▶ [Work instructions]: All lines holding the word "insert" in the listing below need to be copied.

▶ [Recorded information]:
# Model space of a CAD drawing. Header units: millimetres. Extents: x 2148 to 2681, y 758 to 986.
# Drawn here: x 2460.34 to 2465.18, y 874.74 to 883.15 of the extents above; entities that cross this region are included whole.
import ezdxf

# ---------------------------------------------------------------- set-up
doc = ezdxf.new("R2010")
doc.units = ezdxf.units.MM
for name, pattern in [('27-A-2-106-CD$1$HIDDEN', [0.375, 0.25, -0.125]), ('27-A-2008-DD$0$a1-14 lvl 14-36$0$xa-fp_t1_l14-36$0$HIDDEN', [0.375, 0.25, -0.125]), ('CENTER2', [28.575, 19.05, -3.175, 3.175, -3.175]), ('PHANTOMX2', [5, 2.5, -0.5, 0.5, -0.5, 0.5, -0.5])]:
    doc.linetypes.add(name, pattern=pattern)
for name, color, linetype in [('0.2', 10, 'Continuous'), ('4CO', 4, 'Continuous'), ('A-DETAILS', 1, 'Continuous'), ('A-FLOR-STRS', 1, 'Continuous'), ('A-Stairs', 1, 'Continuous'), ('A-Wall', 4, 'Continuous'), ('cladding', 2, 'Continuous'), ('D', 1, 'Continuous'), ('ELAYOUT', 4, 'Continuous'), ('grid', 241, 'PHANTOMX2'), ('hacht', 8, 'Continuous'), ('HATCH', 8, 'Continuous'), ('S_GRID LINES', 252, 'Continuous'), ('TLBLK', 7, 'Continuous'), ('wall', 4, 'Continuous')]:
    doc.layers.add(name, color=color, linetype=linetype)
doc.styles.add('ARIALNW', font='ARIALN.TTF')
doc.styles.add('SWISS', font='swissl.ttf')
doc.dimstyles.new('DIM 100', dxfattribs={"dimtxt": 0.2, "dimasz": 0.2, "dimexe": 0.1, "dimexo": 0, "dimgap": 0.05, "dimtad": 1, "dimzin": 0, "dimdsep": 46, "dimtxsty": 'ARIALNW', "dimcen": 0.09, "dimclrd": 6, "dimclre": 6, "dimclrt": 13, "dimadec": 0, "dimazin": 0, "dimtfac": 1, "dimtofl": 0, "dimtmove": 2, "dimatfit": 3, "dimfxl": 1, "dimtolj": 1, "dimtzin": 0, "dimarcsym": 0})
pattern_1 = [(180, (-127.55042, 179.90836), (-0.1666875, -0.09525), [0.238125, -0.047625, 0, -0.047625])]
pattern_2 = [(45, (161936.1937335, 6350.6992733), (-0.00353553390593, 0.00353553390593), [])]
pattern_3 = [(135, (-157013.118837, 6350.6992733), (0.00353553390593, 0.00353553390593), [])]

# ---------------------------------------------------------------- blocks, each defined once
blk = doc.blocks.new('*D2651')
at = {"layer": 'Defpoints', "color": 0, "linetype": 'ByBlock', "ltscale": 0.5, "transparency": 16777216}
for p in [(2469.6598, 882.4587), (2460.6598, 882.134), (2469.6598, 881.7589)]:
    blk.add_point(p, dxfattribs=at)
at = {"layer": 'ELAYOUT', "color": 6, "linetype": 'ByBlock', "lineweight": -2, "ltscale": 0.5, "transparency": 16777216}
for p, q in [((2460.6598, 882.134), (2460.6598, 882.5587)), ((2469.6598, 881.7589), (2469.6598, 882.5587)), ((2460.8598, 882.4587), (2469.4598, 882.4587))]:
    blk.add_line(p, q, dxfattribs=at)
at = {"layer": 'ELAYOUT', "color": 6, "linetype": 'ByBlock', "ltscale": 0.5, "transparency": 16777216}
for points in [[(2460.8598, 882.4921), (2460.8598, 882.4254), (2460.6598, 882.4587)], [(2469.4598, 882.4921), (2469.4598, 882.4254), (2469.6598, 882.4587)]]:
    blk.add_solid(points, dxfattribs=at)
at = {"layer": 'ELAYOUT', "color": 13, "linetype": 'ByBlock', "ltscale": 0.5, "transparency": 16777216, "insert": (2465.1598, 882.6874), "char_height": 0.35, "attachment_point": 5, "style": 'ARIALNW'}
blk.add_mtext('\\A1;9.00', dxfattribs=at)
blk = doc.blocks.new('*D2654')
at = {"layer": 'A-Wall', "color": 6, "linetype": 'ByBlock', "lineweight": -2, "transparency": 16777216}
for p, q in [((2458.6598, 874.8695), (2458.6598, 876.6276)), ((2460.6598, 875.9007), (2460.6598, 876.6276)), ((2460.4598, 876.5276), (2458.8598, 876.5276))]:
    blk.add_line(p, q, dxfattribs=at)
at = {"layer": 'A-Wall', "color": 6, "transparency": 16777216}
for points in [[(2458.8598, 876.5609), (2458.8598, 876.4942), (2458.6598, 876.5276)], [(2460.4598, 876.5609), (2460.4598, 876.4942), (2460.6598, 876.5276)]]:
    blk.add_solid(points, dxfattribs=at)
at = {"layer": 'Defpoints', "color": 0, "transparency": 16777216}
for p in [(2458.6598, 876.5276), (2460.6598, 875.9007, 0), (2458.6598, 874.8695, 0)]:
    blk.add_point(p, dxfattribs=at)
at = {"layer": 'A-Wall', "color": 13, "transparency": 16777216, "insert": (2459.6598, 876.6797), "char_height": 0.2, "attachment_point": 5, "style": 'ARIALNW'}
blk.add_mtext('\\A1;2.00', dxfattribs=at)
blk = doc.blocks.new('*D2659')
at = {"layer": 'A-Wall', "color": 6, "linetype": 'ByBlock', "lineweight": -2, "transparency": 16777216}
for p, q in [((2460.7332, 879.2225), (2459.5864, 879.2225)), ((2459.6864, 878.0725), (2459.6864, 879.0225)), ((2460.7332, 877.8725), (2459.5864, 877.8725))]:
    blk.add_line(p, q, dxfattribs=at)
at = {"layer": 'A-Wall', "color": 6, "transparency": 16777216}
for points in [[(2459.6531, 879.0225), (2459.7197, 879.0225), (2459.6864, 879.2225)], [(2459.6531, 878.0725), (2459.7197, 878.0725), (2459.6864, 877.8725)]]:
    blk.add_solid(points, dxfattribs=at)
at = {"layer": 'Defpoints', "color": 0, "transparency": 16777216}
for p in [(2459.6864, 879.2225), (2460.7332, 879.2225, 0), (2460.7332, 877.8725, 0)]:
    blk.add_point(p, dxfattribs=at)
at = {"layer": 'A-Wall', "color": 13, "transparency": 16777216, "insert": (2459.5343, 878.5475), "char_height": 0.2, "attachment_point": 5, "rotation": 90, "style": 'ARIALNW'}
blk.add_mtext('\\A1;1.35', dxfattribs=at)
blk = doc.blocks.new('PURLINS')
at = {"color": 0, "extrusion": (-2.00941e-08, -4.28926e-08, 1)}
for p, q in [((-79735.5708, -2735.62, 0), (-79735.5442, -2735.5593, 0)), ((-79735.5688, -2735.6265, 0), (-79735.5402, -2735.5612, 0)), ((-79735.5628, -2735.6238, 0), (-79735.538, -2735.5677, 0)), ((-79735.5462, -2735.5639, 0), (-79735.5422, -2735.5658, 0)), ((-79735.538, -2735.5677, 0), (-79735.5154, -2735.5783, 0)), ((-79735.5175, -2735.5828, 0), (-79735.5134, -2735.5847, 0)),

▶ [Response to this task]:
at = {"layer": 'ELAYOUT', "color": 13, "linetype": 'ByBlock', "ltscale": 0.5, "transparency": 16777216, "insert": (2465.1598, 882.6874), "char_height": 0.35, "attachment_point": 5, "style": 'ARIALNW'}
at = {"layer": 'A-Wall', "color": 13, "transparency": 16777216, "insert": (2459.6598, 876.6797), "char_height": 0.2, "attachment_point": 5, "style": 'ARIALNW'}
at = {"layer": 'A-Wall', "color": 13, "transparency": 16777216, "insert": (2459.5343, 878.5475), "char_height": 0.2, "attachment_point": 5, "rotation": 90, "style": 'ARIALNW'}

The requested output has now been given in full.